空虚。
しずく。



 窓。

そこから見える景色が、夜と昼とで違って見える。

遥か下の地に誘うように、微笑む太陽。
暗闇の中にたった一人だと思わせる月光。

流れ込む風は、なまぬるい。


何の前触れもなく、目の前に映像がよぎる。

また、いつもの。


・・・人の想像力はすごいものだ。
ほんの僅かな情報からここまで妄想が広がるのだから。


大きく震えた身体、見開いた瞳。

何度となく、繰り返した、慣れる事のない発作。


突発的に、開いていた窓から身を乗り出す。

寸前、身体が後ろに跳ね飛ばされる。

「落ち着け。」

そんな声が聞こえた気もする。


苦しい、苦しい!

「い、やだ・・・。
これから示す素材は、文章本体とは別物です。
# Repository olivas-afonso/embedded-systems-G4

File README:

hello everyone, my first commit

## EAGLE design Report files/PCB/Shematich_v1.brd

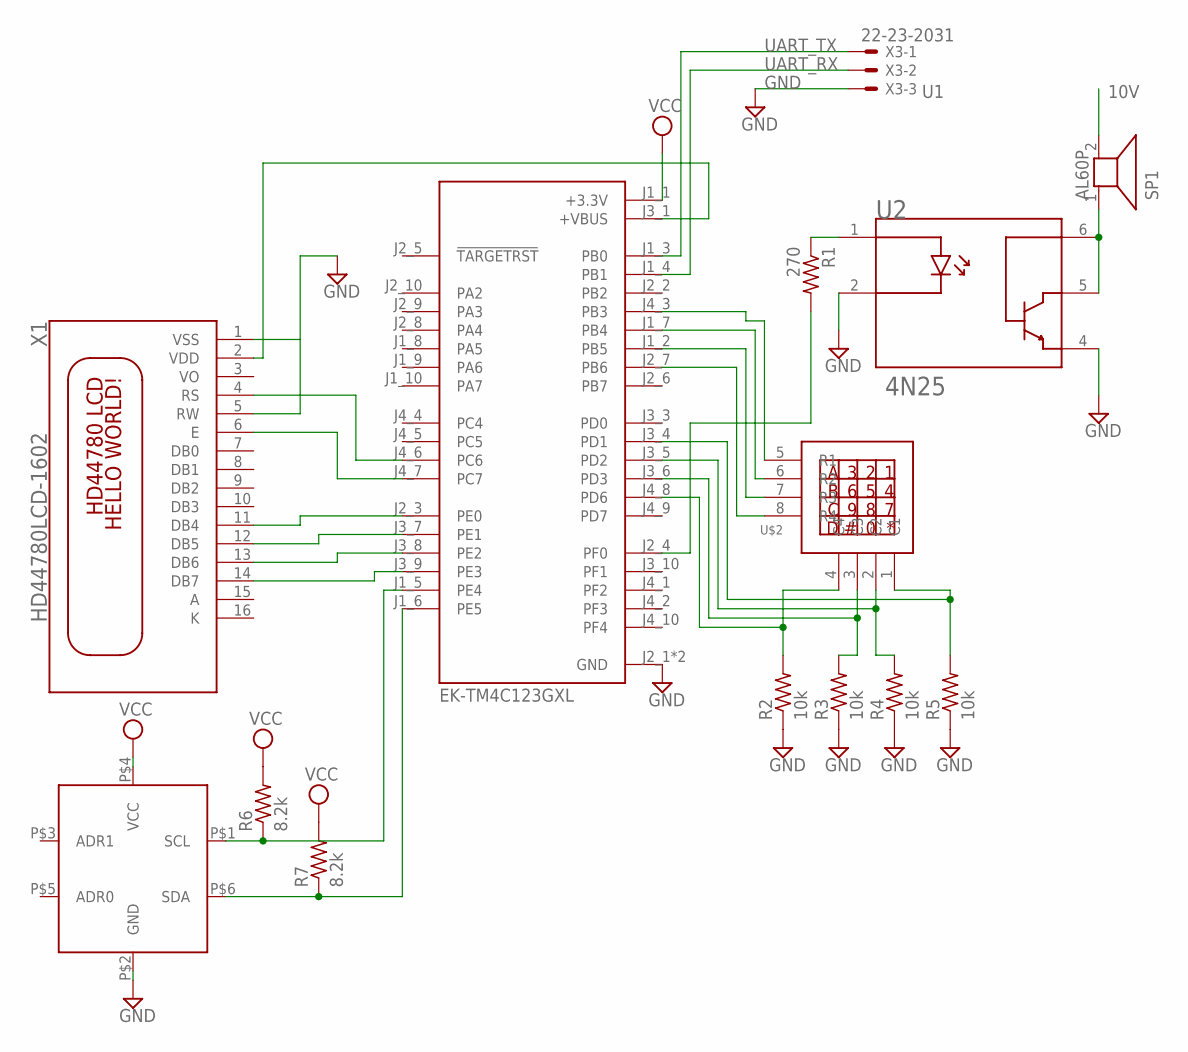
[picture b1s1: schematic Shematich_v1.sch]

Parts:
R1: 270; 0204/7
R2, R3, R4, R5: 10k; 0204/7
R6, R7: 8.2k; 0204/7
SP1: AL60P
U1: EK-TM4C123GXL; MODULE_EK-TM4C123GXL
U2: 4N25; DIP762W50P254L712H400Q6N
U$1: TMP100; SOT23-6
U$2: KEYPAD4X4
X1: HD44780LCD-1602; LCD1602
X3: 22-23-2031

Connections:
10V: SP1.2
GND: R2.1, R3.1, R4.1, R5.1, U1.J2_1 (GND), U1.J3_2 (GND), U2.2 (K), U2.4 (E), U$1.P$2 (GND), X1.1 (VSS), X1.5 (RW), X3.3
unnamed: R1.2, U1.J2_4 (PF0)
unnamed: U1.J2_3 (PE0), X1.11 (DB4)
unnamed: R3.2, U1.J3_6 (PD3), U$2.3 (C3)
unnamed: R7.1, U1.J1_6 (PE5), U$1.P$6 (SDA)
unnamed: U1.J3_7 (PE1), X1.12 (DB5)
unnamed: U1.J3_8 (PE2), X1.13 (DB6)
unnamed: U1.J3_9 (PE3), X1.14 (DB7)
unnamed: U1.J4_7 (PC7), X1.6 (E)
unnamed: U1.J4_6 (PC6), X1.4 (RS)
unnamed: R1.1, U2.1 (A)
unnamed: SP1.1, U2.5 (C), U2.6 (B)
unnamed: R2.2, U1.J4_8 (PD6), U$2.4 (C4)
unnamed: R4.2, U1.J3_5 (PD2), U$2.2 (C2)
unnamed: U1.J4_3 (PB3), U$2.5 (R1)
unnamed: U1.J1_7 (PB4), U$2.6 (R2)
unnamed: U1.J1_2 (PB5), U$2.7 (R3)
unnamed: U1.J2_7 (PB6), U$2.8 (R4)
unnamed: R5.2, U1.J3_4 (PD1), U$2.1 (C1)
unnamed: R6.1, U1.J1_5 (PE4), U$1.P$1 (SCL)
UART_RX: U1.J1_4 (PB1), X3.2
UART_TX: U1.J1_3 (PB0), X3.1
VCC: R6.2, R7.2, U1.J1_1 (+3.3V), U$1.P$4 (VCC)
VDD: U1.J3_1 (+VBUS), X1.2 (VDD)

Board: 2 copper layers, 14 parts (0 on the bottom side), 24 nets, no tracks yet.

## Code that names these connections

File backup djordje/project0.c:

//*****************************************************************************
//
// project0.c - Example to demonstrate minimal TivaWare setup
//
// Copyright (c) 2012-2017 Texas Instruments Incorporated.  All rights reserved.
// Software License Agreement
// 
// Texas Instruments (TI) is supplying this software for use solely and
// exclusively on TI's microcontroller products. The software is owned by
// TI and/or its suppliers, and is protected under applicable copyright
// laws. You may not combine this software with "viral" open-source
// software in order to form a larger program.
// 
// THIS SOFTWARE IS PROVIDED "AS IS" AND WITH ALL FAULTS.
// NO WARRANTIES, WHETHER EXPRESS, IMPLIED OR STATUTORY, INCLUDING, BUT
// NOT LIMITED TO, IMPLIED WARRANTIES OF MERCHANTABILITY AND FITNESS FOR
// A PARTICULAR PURPOSE APPLY TO THIS SOFTWARE. TI SHALL NOT, UNDER ANY
// CIRCUMSTANCES, BE LIABLE FOR SPECIAL, INCIDENTAL, OR CONSEQUENTIAL
// DAMAGES, FOR ANY REASON WHATSOEVER.
// 
// This is part of revision 2.1.4.178 of the EK-TM4C123GXL Firmware Package.
//
//*****************************************************************************

#include <stdint.h>
#include <stdbool.h>
#include "inc/hw_ints.h"   //hw ints and lcd library have a collision and dont work together
#include "inc/hw_memmap.h"
#include "inc/hw_types.h"  //
#include "driverlib/debug.h"
#include "driverlib/fpu.h"
#include "driverlib/gpio.h"
#include "driverlib/interrupt.h"
#include "driverlib/pin_map.h"
#include "driverlib/rom.h"
#include "driverlib/sysctl.h"
#include "driverlib/timer.h"
#include "driverlib/uart.h"
#include "utils/uartstdio.h"
#include "ccs/LCD.h"

#ifdef DEBUG
void
__error__(char *pcFilename, uint32_t ui32Line)
{
}
#endif


//*****************************************************************************
//
// Define pin to LED color mapping.
//
//*****************************************************************************

//*****************************************************************************
//
//! \addtogroup example_list
//! <h1>Project Zero (project0)</h1>
//!
//! This example demonstrates the use of TivaWare to setup the clocks and
//! toggle GPIO pins to make the LED's blink. This is a good place to start
//! understanding your launchpad and the tools that can be used to program it.
//
//*****************************************************************************

#define RED_LED   GPIO_PIN_1
#define BLUE_LED  GPIO_PIN_2
#define GREEN_LED GPIO_PIN_3

int var;
int letter;
uint32_t g_ui32SysClock;
char charBuffer[128];
uint8_t *charHolder;


char keyboard (void)

{
    char key[4][4] =
    {
        {'1', '2', '3', 'F'},
        {'4', '5', '6', 'E'},
        {'7', '8', '9', 'D'},
        {'A', '0', 'B', 'C'}
    };                           //define the keyboard layout
    int j,i;
    char row[] = {GPIO_PIN_3, GPIO_PIN_4, GPIO_PIN_5, GPIO_PIN_6};    //define the pins for the rows
    char line[] = {GPIO_PIN_6, GPIO_PIN_3, GPIO_PIN_2, GPIO_PIN_1};     //define the pins for the lines
    
    for (i = 0; i < 4; i++)
    {
        GPIOPinWrite(GPIO_PORTB_BASE, row[i], row[i]); //set pin in the rows to high and check all combinations
        for (j = 0; j < 4; j++) 
        {
            if (GPIOPinRead(GPIO_PORTD_BASE , line[j]) == line[j])  //check pins in the line, if the pin is high, return value of the key
                {
                letter = key[i][j];
                }
        }    
        GPIOPinWrite(GPIO_PORTB_BASE, row[i], ~row[i]); //set pin to low

    }
    return letter;
}

//*****************************************************************************
//
// Main 'C' Language entry point.  Toggle an LED using TivaWare.
//
//screen pins :input  X1:PD6   X2:PD3  X3:PD2   X4:PD1 output  Y1:PB3   Y2:PB4   Y3:PB5   Y4:PB6
//
//*****************************************************************************
int
main(void)
{

       SysCtlClockSet(SYSCTL_SYSDIV_4|SYSCTL_USE_PLL|SYSCTL_XTAL_16MHZ|SYSCTL_OSC_MAIN);  //set the clock to 50 mhz
       SysCtlPeripheralEnable(SYSCTL_PERIPH_GPIOB);
       SysCtlPeripheralEnable(SYSCTL_PERIPH_GPIOC);
       SysCtlPeripheralEnable(SYSCTL_PERIPH_GPIOD);
       SysCtlPeripheralEnable(SYSCTL_PERIPH_GPIOE);
       SysCtlPeripheralEnable(SYSCTL_PERIPH_GPIOF);
       while(!SysCtlPeripheralReady(SYSCTL_PERIPH_GPIOF))  // Enable and wait for the port to be ready for access
       {
       }

       GPIOPinTypeGPIOOutput(GPIO_PORTE_BASE, GPIO_PIN_0 | GPIO_PIN_1 | GPIO_PIN_2 | GPIO_PIN_3);
       GPIOPinTypeGPIOOutput(GPIO_PORTC_BASE, GPIO_PIN_6 | GPIO_PIN_7);    //sets pins as outputs for the screen
       GPIOPinTypeGPIOOutput(GPIO_PORTB_BASE, GPIO_PIN_3 | GPIO_PIN_4 | GPIO_PIN_5 | GPIO_PIN_6);    //sets pins as outputs for the keyboard
       GPIOPinTypeGPIOOutput(GPIO_PORTF_BASE, RED_LED|BLUE_LED|GREEN_LED);   // Configure the GPIO port for the LED operation.

       GPIOPinTypeGPIOInput(GPIO_PORTD_BASE , GPIO_PIN_6 | GPIO_PIN_1 | GPIO_PIN_2 | GPIO_PIN_3);   //sets pins D6, D3, D2, D1 as inputs for the keyboard

       GPIOPinWrite(GPIO_PORTB_BASE, GPIO_PIN_6 | GPIO_PIN_1 | GPIO_PIN_2 | GPIO_PIN_3, 0x000); //set B pins to low

       char test[] = "IM ALIVE";
       char test2[] = "GG";

       Lcd_Init();
       SysCtlDelay(2000000);
       Lcd_Clear();
       SysCtlDelay(2000000);
       Lcd_Write_String(test);



    SysCtlDelay(200000);

    while(1)
    {

        GPIOPinWrite(GPIO_PORTF_BASE, RED_LED|BLUE_LED|GREEN_LED, RED_LED); // Turn on the LED

        SysCtlDelay(2000000);
        test2[0] = keyboard();
        Lcd_Write_String(test2);

        GPIOPinWrite(GPIO_PORTF_BASE, RED_LED|BLUE_LED|GREEN_LED, BLUE_LED); // Turn on the LED

        SysCtlDelay(2000000);
        SysCtlDelay(8000000);
        Lcd_Clear();
        SysCtlDelay(2000000);

    }
}

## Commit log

2023-11-22 Create README
    initial creation
2023-11-23 change name of datasheet
2023-11-23 TIVA launchpad pinout
2023-11-23 pcb stuff
2023-11-27 shematic 2
2023-11-27 shematic 3
2023-11-27 final schematic
2023-11-27 final final schematic
2023-11-29 final final final schematic (ready for hardware)
2023-11-30 datasheets and guides
2023-12-07 my first commit
2023-12-12 working LCD project
2023-12-14 i2c working project ( with printing temp on lcd)
2023-12-21 stuff
2023-12-21 documents
2023-12-21 LCD_works
2023-12-21 test lcd export
2023-12-27 keyboard working
2023-12-29 uart project thing (half works)
    it has attemp of interrupts but failed, tries to print onto lcd but i dont think it worked
2023-12-29 buzzer to test; updated gantt
2023-12-31 schematic updated
2024-01-04 buzzer working
2024-01-05 (almost there)
2024-01-05 Create cutting strings
2024-01-06 buzzer exported
2024-01-07 quase quase falta comments
2024-01-07 charts
2024-01-08 FINAL PROJECT
2024-01-08 final commit
2024-01-08 Final Project Commit
2024-01-08 Final submit

」

呟いて、また、歩み寄ろうする。


死にたがる、私。

冷静にそれを見つめる私。


そんな衝動が起こるたびに、手錠で自分を拘束する。

馬鹿みたいな、姿。

声にならない声をあげて、振りほどこうともがいて。

「そうしたのも、君のくせに。」


どうすればいい。
何をすればいい?

先は何も、見えない。

2002年05月25日(土)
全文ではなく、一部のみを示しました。